Summer Reading 2012
Summer Reading 2012
First Steps in Becoming a Wooster Student: The Summer Reading Program
2012: Hisham Matar, In the Country of Men
What does it mean to be a College of Wooster student? Our liberal arts education—in all its components—aims to develop in its graduates the capacities “to become leaders of character and influence in an interdependent global community.” The many dimensions of this education are expressed in the Graduate Qualities, and may be summarized in the phrase, Independent Minds, Working Together. What does this mean, and how will Wooster’s mission challenge you as you enter the College and progress toward graduation?
Much can be said about these ideals and questions, but for now, starting with the Summer Reading Program, the focus is on the core skills of critical inquiry: critical reading, critical thinking, and communicating clearly with others, in writing, in speech, and in listening. The purpose of the Summer Reading Program is to provide a challenging assignment for critical reading, thinking, and writing, to engage you with the mission of The College of Wooster from the first days you are on campus, in the ARCH program, in New Student Orientation, and the first day of classes.
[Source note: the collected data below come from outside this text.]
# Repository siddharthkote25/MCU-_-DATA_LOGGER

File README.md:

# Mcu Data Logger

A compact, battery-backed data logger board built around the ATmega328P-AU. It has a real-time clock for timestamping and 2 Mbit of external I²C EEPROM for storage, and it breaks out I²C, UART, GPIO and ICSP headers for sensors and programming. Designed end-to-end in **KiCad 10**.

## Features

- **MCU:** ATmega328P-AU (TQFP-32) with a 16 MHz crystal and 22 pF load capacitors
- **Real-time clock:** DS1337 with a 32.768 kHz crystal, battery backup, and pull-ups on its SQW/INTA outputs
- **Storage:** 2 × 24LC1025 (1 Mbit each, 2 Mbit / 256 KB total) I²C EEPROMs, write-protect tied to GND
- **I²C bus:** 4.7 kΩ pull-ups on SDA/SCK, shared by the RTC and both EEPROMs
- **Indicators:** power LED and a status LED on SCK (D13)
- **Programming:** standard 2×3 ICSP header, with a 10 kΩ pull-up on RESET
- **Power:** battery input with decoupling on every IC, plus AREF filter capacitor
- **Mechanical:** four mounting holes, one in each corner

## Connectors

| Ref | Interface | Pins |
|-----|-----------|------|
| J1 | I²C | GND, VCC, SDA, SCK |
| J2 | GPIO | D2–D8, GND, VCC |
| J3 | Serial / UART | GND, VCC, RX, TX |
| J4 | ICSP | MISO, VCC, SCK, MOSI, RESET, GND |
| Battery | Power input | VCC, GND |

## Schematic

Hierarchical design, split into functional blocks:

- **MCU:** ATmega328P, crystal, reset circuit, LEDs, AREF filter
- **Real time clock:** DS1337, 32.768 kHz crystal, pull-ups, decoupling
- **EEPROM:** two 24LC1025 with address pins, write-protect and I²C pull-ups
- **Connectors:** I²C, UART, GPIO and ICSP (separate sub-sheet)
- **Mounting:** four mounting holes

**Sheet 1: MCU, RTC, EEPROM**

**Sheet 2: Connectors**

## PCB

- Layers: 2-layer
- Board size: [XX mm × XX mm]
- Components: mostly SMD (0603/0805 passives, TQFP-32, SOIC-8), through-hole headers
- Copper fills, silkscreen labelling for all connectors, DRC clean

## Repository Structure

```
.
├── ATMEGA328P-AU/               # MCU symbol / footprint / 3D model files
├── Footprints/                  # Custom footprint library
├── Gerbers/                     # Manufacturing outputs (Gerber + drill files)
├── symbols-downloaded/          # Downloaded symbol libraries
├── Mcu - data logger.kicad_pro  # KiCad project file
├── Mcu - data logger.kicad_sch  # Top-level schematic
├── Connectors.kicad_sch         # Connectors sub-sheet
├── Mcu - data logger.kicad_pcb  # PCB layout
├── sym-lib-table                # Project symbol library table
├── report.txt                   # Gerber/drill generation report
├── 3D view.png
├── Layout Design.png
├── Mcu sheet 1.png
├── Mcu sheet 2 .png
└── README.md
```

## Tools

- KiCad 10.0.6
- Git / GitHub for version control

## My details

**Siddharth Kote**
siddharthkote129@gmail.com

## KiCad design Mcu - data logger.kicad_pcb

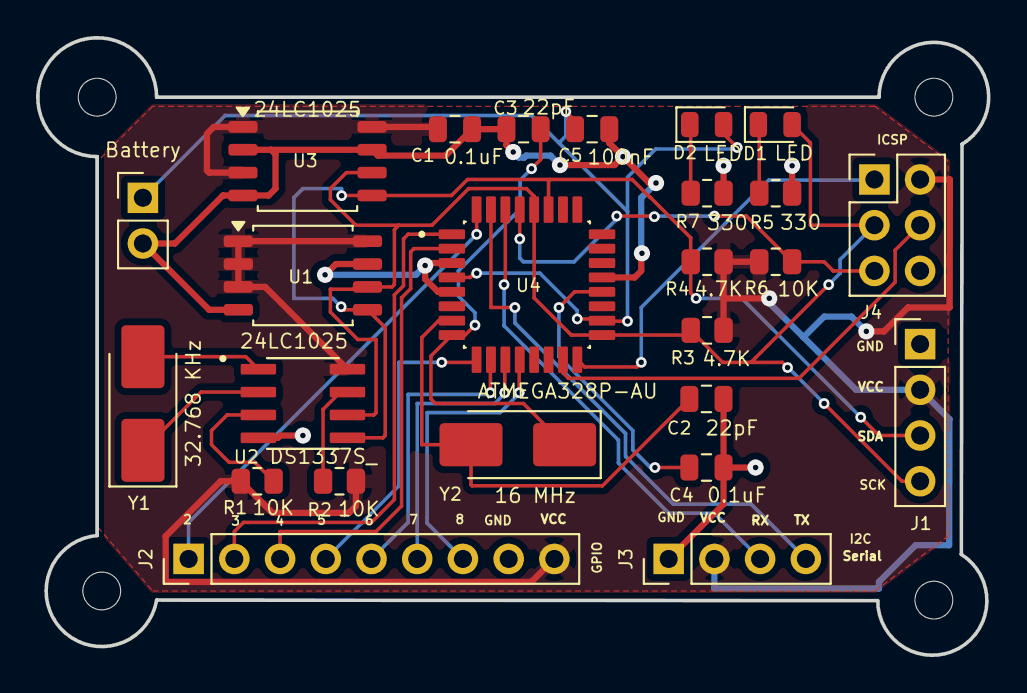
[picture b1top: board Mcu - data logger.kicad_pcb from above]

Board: 2 copper layers, 52.8 x 34.3 mm, 29 parts (0 on the bottom side), 26 nets.

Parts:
BT1: Battery; PinHeader_1x02_P2.54mm_Vertical
C1, C4: 0.1uF; C_0805_2012Metric
C2, C3: 22pF; C_0805_2012Metric
C5: 100nF; C_0805_2012Metric
D1, D2: LED; LED_0805_2012Metric
H1, H2, H3, H4: MountingHole; MountingHole_2.1mm
J1, J3: Conn_01x04_Pin; PinHeader_1x04_P2.54mm_Vertical
J2: Conn_01x09_Pin; PinHeader_1x09_P2.54mm_Vertical
J4: Conn_02x03_Odd_Even; PinHeader_2x03_P2.54mm_Vertical
R1, R2, R6: 10K; R_0805_2012Metric
R3, R4: 4.7K; R_0805_2012Metric
R5, R7: 330; R_0805_2012Metric
U1, U3: 24LC1025; SOIC-8_5.3x5.3mm_P1.27mm
U2: DS1337S_; SOIC127P600X175-8N
U4: ATMEGA328P-AU; QFP80P900X900X120-32N
Y1: 32.768 KHz; Crystal_SMD_5032-2Pin_5.0x3.2mm_HandSoldering
Y2: 16 MHz; Crystal_SMD_5032-2Pin_5.0x3.2mm_HandSoldering

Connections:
/D2: J2.1, U4.32 (PD2)
/D3: J2.2, U4.1 (PD3)
/D4: J2.3, U4.2 (PD4)
/D5: J2.4, U4.9 (PD5)
/D6: J2.5, U4.10 (PD6)
/D7: J2.6, U4.11 (PD7)
/D8: J2.7, U4.12 (PB0)
/MISO: J4.1, U4.16 (PB4)
/MOSI: J4.4, U4.15 (PB3)
/RESET: J4.5, R6.2, U4.29 (PC6/~RESET)
/RX: J3.3, U4.30 (PD0)
/SCK: D1.2 (A), J1.4, J4.3, R3.2, U1.6 (SCL), U2.6 (SCL), U3.6 (SCL), U4.17 (PB5), U4.28 (PC5)
/SDA: J1.3, R4.1, U1.5 (SDA), U2.5 (SDA), U3.5 (SDA), U4.27 (PC4)
/TX: J3.4, U4.31 (PD1)
/VCC: C1.2, J1.2, J2.9, J3.2, J4.2, R1.1, R2.1, R3.1, R4.2, R6.1, U1.1 (A0), U1.2 (A1), U1.3 (A2), U1.8 (VCC), U2.8 (VCC), U3.1 (A0), U3.3 (A2), U3.8 (VCC)
GND: BT1.2 (-), C1.1, C2.2, C3.1, C4.1, C5.2, J1.1, J2.8, J3.1, J4.6, R5.1, R7.2, U1.4 (GND), U1.7 (WP), U2.4 (GND), U3.2 (A1), U3.4 (GND), U3.7 (WP), U4.3 (GND), U4.5 (GND), U4.21 (GND)
unnamed: BT1.1 (+), C5.1, D2.2 (A), U4.4 (VCC), U4.18 (AVCC)
unnamed: D1.1 (K), R5.2
unnamed: D2.1 (K), R7.1
unnamed: R2.2, U2.7 (SQW/~INT)
unnamed: U2.1 (X1), Y1.2
unnamed: U2.2 (X2), Y1.1
unnamed: R1.2, U2.3 (~INTA)
unnamed: C4.2, U4.20 (AREF)
unnamed: C2.1, U4.7 (PB6), Y2.2
unnamed: C3.2, U4.8 (PB7), Y2.1

Required Writing Assignment
Before you arrive on campus for New Student Orientation, read In the Country of Men and write an essay on this book using one of the writing prompts listed below. On Friday, August 24, when you meet for the first time with your First-Year Seminar class during New Student Orientation, you will submit your essay to your professor at that time. This provides both an opportunity for discussion of the book with your FYS class and professor, and a first writing assignment that will provide a benchmark for beginning to work with you in developing the skills of critical inquiry that are necessary for success at Wooster and beyond. Engagement with this book will also serve as an entry point for participating in the intellectual community of Wooster in relation to the Fall Forum series of lectures and associated events, which this Fall are focused on the Middle East. The Forum Series will begin during New Student Orientation with a lecture by Robin Wright on Friday morning, August 24, and continue throughout Fall Semester, including Hisham Matar on Tuesday, October 2. Student authors whose essays demonstrate noteworthy critical engagement with In the Country of Men will be invited for small group dinners with the various Forum Series speakers throughout Fall Semester.
Use the ideas and questions offered here to facilitate your reading and thinking about In the Country of Men. When you arrive on campus, bring the book, your essay, and any related notes and thoughts, so that you will be prepared both to begin benefiting from and contributing to Wooster’s community of learners.
Henry B. Kreuzman, Dean for Curriculum & Academic Engagement
Summer Reading 2012
Hisham Matar, In the Country of Men
- The primary perspective through which this story is told is that of a nine-year old boy, Suleiman. Through his eyes, you get a glimpse inside Libyan society during a period of upheaval and the rise of the Qaddafi regime in the 1970s. When those outside the Middle East (e.g., in the “West”) are asked to think about and understand this region in monolithic terms (e.g., “the Middle East,” or “the Islamic World”), we depend on the perspectives of many different kinds of experts. What is the value of gaining a perspective on the complexities of this region that is (a) fictional and (b) that of a child? How has reading In the Country of Men challenged and changed your perspectives on this region and its cultures?
- The title of the book, In the Country of Men, is nowhere mentioned specifically in the book. However, throughout the novel, we see Suleiman observing and imagining the lives of men (and older boys) all around him; we also see him asking himself what it means to be a man, and trying (with tragic consequences) to be a good, heroic man in the way he understands. At then end of the novel, how does he reflect on these ideals and the way in which they have shaped him? More broadly, to what extent are your ideals of what it means to be a good person shaped by ideals of what it means to be a good woman, or a good man? How are our ideals gendered?
- Because Suleiman is a young boy and an only child, whose father is absent throughout most of the story, the person most near to him most of the time is his mother, Najwa. But because of his youth, and perhaps also because as a boy he is focused on being a man, he has little understanding of his mother’s situation. As readers seeing Najwa through the child’s eyes, we are thus in a similar situation in our understanding of his mother. It is only at the end of the book—in the last paragraph—that Najwa really comes into view, as the now-adult Suleiman sees her for the first time as a woman in her own right. How has his understanding of her situation and history changed? How does your understanding of her change as you see her through Suleiman’s childhood and adult perspectives?
- At one point, Suleiman thinks, “We drift through allegiances, those we are born into and those we are claimed by, always estranging ourselves.” How do you see this process shape Suleiman’s life as a boy perhaps too young to understand the allegiances that he is born into and that claim him? How does he begin to reflect on this at the end of the book, from more of an adult perspective on his life? In relation to Suleiman’s story, what are the primary “allegiances” that you were born into and that claimed you? How do you understand yourself in relation to those processes now? What do we need to do in order to move beyond “drifting through allegiances”?
- In this novel, Najwa both mentions and criticizes the literary-mythic character of Scheherazade. Find a good reference source and read a bit about Scheherazade. How does her story relate to Najwa’s life story?